ABD, Çin ve Rusya Liderlerinin Görüşleri
ABD Başkanı Donald Trump, başkanlık dönemi boyunca Çin ile ciddi ticaret savaşları yürütmüş ve Pekin’in bölgesel hegemonyasına karşı sert bir duruş sergilemiştir. Trump, Çin’in askeri gücünün artmasını, ABD için bir tehdit olarak görmektedir (Bacevich, 2020). Çin, Tayvan’a olan yaklaşımında ABD’nin etkisini tehdit olarak algılamakta ve askeri bir müdahale durumunda, küresel çatışmaların patlak vereceğini öngörmektedir.
Rusya, Trump döneminde ABD ile ilişkilerinin daha stabil hale gelmesini ummuş, ancak aynı zamanda Batı ile yaşanan gerginliklerin artmasından da faydalanmıştır. Putin’in politikaları, Batı ile arasındaki ilişkilerin yeniden gerilmesine ve Avrupa’da güç dengesinin değişmesine yol açabilir (Allison, 2021). Avrupa liderleri ise Trump’ın politikalarını endişeyle izlerken, özellikle NATO’nun geleceği konusunda belirsizlikler yaşanmakta ve bu durum Avrupa’nın savunma stratejilerinde değişimlere yol açmaktadır.

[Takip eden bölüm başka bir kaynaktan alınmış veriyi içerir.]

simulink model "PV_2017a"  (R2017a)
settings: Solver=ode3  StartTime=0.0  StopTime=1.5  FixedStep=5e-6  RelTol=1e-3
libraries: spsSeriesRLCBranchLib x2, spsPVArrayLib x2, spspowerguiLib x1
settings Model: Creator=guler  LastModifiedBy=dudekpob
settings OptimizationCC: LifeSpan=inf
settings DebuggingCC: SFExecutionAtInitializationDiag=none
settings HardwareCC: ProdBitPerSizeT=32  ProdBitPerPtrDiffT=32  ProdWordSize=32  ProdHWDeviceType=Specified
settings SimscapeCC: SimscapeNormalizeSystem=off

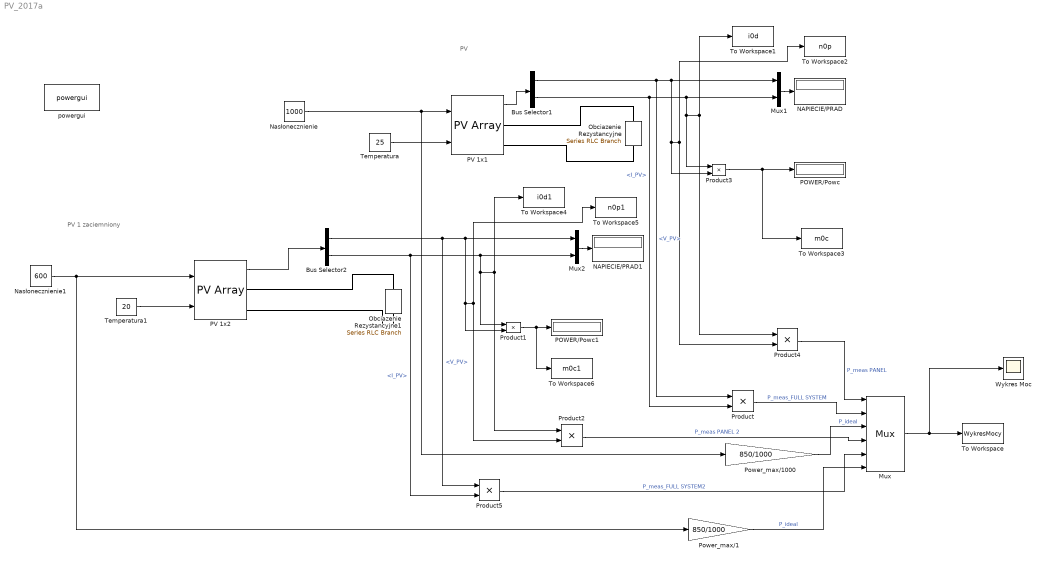
== system PV_2017a ==
  note: PV
  note: PV 1 zaciemniony
  Bus Selector1 : BusSelector  OutputSignals=V_PV,I_PV
  Bus Selector2 : BusSelector  OutputSignals=V_PV,I_PV
  Mux : Mux  Inputs=6
  Mux1 : Mux  Inputs=2
  Mux2 : Mux  Inputs=2
  NAPIECIE/PRAD : Display
  NAPIECIE/PRAD1 : Display
  Nasłonecznienie : Constant  Value=1000
  Nasłonecznienie1 : Constant  Value=600
  Obciazenie Rezystancyjne : spsSeriesRLCBranchLib/Series RLC Branch  LConnTagsString=__new0  RConnTagsString=__new0  BranchType=R  Resistance=12.5  Inductance=1e-3  SetiL0=off  InitialCurrent=0  Capacitance=100e-6  Setx0=off  InitialVoltage=0  Measurements=None
  Obciazenie Rezystancyjne1 : spsSeriesRLCBranchLib/Series RLC Branch  LConnTagsString=__new0  RConnTagsString=__new0  BranchType=R  Resistance=12.5  Inductance=1e-3  SetiL0=off  InitialCurrent=0  Capacitance=100e-6  Setx0=off  InitialVoltage=0  Measurements=None
  POWER/Powc : Display
  POWER/Powc1 : Display
  PV 1x1 : spsPVArrayLib/PV Array  Npar=1  Nser=1  PlotType=array @ 1000 W/m2 & specified temperatures  S_vec="[ 1000  500  300 ]"  Temp_C_vec=[25 40]  ModuleName=User-defined  PlotWhenSelected=off  Pm=213.15  Ncell=60  Voc=36.3  Isc=7.84  Vm=29  Im=7.35  beta_Voc_pc=-0.36099  alpha_Isc_pc=0.102  beta_Voc=-0.13104  alpha_Isc=0.0079968  IL=7.8654  I0=2.9273e-10  nI=0.98119  Rsh=313.0553  Rs=0.39381  RobustModel=off  RobustCellTemperature=313.3991  BAL=off  Tc=1e-6  Tfilter=5e-4
  PV 1x2 : spsPVArrayLib/PV Array  Npar=1  Nser=1  PlotType=array @ 1000 W/m2 & specified temperatures  S_vec="[ 1000  500  300 ]"  Temp_C_vec=[ 25 40]  ModuleName=User-defined  PlotWhenSelected=off  Pm=213.15  Ncell=60  Voc=36.3  Isc=7.84  Vm=29  Im=7.35  beta_Voc_pc=-0.36099  alpha_Isc_pc=0.102  beta_Voc=-0.13104  alpha_Isc=0.0079968  IL=7.8654  I0=2.9273e-10  nI=0.98119  Rsh=313.0553  Rs=0.39381  RobustModel=off  RobustCellTemperature=313.3991  BAL=off  Tc=1e-6  Tfilter=5e-4
  Power_max/1 : Gain  Gain=850/1000
  Power_max/1000 : Gain  Gain=850/1000
  Product{,1..5} (6 alike) : Product
  Temperatura : Constant  Value=25
  Temperatura1 : Constant  Value=20
  To Workspace : ToWorkspace  VariableName=WykresMocy  SaveFormat=Timeseries  SampleTime=-1
  To Workspace1 : ToWorkspace  VariableName=i0d  SaveFormat=Timeseries  SampleTime=-1
  To Workspace2 : ToWorkspace  VariableName=n0p  SaveFormat=Timeseries  SampleTime=-1
  To Workspace3 : ToWorkspace  VariableName=m0c  SaveFormat=Timeseries  SampleTime=-1
  To Workspace4 : ToWorkspace  VariableName=i0d1  SaveFormat=Timeseries  SampleTime=-1
  To Workspace5 : ToWorkspace  VariableName=n0p1  SaveFormat=Timeseries  SampleTime=-1
  To Workspace6 : ToWorkspace  VariableName=m0c1  SaveFormat=Timeseries  SampleTime=-1
  Wykres Moc : Scope
  powergui : spspowerguiLib/powergui  Priority=1  SimulationMode=Discrete  SampleTime=5e-6  frequency=60  Iterations=50  frequencyindice=0  Pbase=100e6  ErrMax=1e-4  UnitsV=kV  UnitsW=MW  buscounter=0  FunctionMessages=off  echomessages=off  EnableUseOfTLC=off  CurrentSourceSwitches=off  DisableSnubberDevices=off  DisableRonSwitches=off  DisableVfSwitches=off  DisplayEquations=off  AutomaticDiscreteSolvers=off  SolverType=Tustin/Backward Euler (TBE)  Interpol=off  ExternalGateDelay=off  methode=off  Ts=100  x0status=blocks  SPID=on  SwTol=0  HookPort=off  NonlinearTolerance=1e-4  nMaxIteration=100  ContinueOnMaxIteration=off  RestoreLinks=warning  ResistiveCurrentMeasurement=off  Frange=[0:2:500]  Ylog=off  Xlog=on  ShowGrid=off  save=off  variable=ZData  structure=0  ZoomFFT=off  StartTime=0.0  cycles=1  DisplayStyle=1  fundamental=60  FreqAxis=off  MaxFrequency=1000  frequencyindicesteady=1  RmsSteady=1  display=off
  wires:
  Product4/1 -> Mux/1  "P_meas PANEL"
  Power_max/1000/1 -> Mux/3  "P_ideal"
  Nasłonecznienie/1 -> Power_max/1000/1, PV 1x1/1
  Mux/1 -> Wykres Moc/1, To Workspace/1
  Product/1 -> Mux/2  "P_meas_FULL SYSTEM"
  Product3/1 -> To Workspace3/1, POWER/Powc/1
  Bus Selector1/1 -> Product/1, Product3/2, Product4/2, To Workspace2/1, Mux1/1  "<V_PV>"
  Mux1/1 -> NAPIECIE/PRAD/1
  Temperatura/1 -> PV 1x1/2
  Bus Selector1/2 -> Product/2, Product3/1, Product4/1, To Workspace1/1, Mux1/2  "<I_PV>"
  PV 1x1/1 -> Bus Selector1/1
  Temperatura1/1 -> PV 1x2/2
  PV 1x2/1 -> Bus Selector2/1
  Bus Selector2/2 -> Product5/2, Mux2/2, Product1/1, Product2/1, To Workspace4/1  "<I_PV>"
  Bus Selector2/1 -> Product5/1, Mux2/1, Product1/2, Product2/2, To Workspace5/1  "<V_PV>"
  Mux2/1 -> NAPIECIE/PRAD1/1
  Product1/1 -> To Workspace6/1, POWER/Powc1/1
  Product2/1 -> Mux/4  "P_meas PANEL 2"
  Product5/1 -> Mux/5  "P_meas_FULL SYSTEM2"
  Nasłonecznienie1/1 -> Power_max/1/1, PV 1x2/1
  Power_max/1/1 -> Mux/6  "P_ideal"
  connections:
  PV 1x1/RConn2 -- Obciazenie Rezystancyjne/RConn1
  PV 1x1/RConn1 -- Obciazenie Rezystancyjne/LConn1
  PV 1x2/RConn1 -- Obciazenie Rezystancyjne1/LConn1
  PV 1x2/RConn2 -- Obciazenie Rezystancyjne1/RConn1

Sonuç olarak, 2025 yılında Trump’ın başkanlık dönemi, dünya savaşına yol açacak kesin bir faktör olmasa da, küresel güvenlik ortamındaki belirsizliklerin artmasına ve büyük güçler arasındaki gerilimlerin yükselmesine yol açabilir. Bu durum, uluslararası ilişkilerdeki dengeyi değiştirebilir ve savaşın eşiğine gelinmesini mümkün kılabilir.
Kaynaklar
• Bacevich, A. J. (2020). The Age of Illusions: How America Squandered Its Cold War Victory. Metropolitan Books.
• Mearsheimer, J. J. (2019). The Tragedy of Great Power Politics. W.W. Norton & Company.
• Allison, G. (2021). Destined for War: Can America and China Escape Thucydides’s Trap? Houghton Mifflin Harcourt.
• Ferguson, N. (2006). The War of the World: History’s Age of Hatred. Penguin Press.
• Ikenberry, G. J. (2018). Liberal Leviathan: The Origins, Crisis, and Transformation of the American World Order. Princeton University Press.
• Gertz, B. (2017). Enemies: How America’s Allies Turned Against Her. Threshold Editions.
• Nye, J. S. (2017). The Future of Power. PublicAffairs.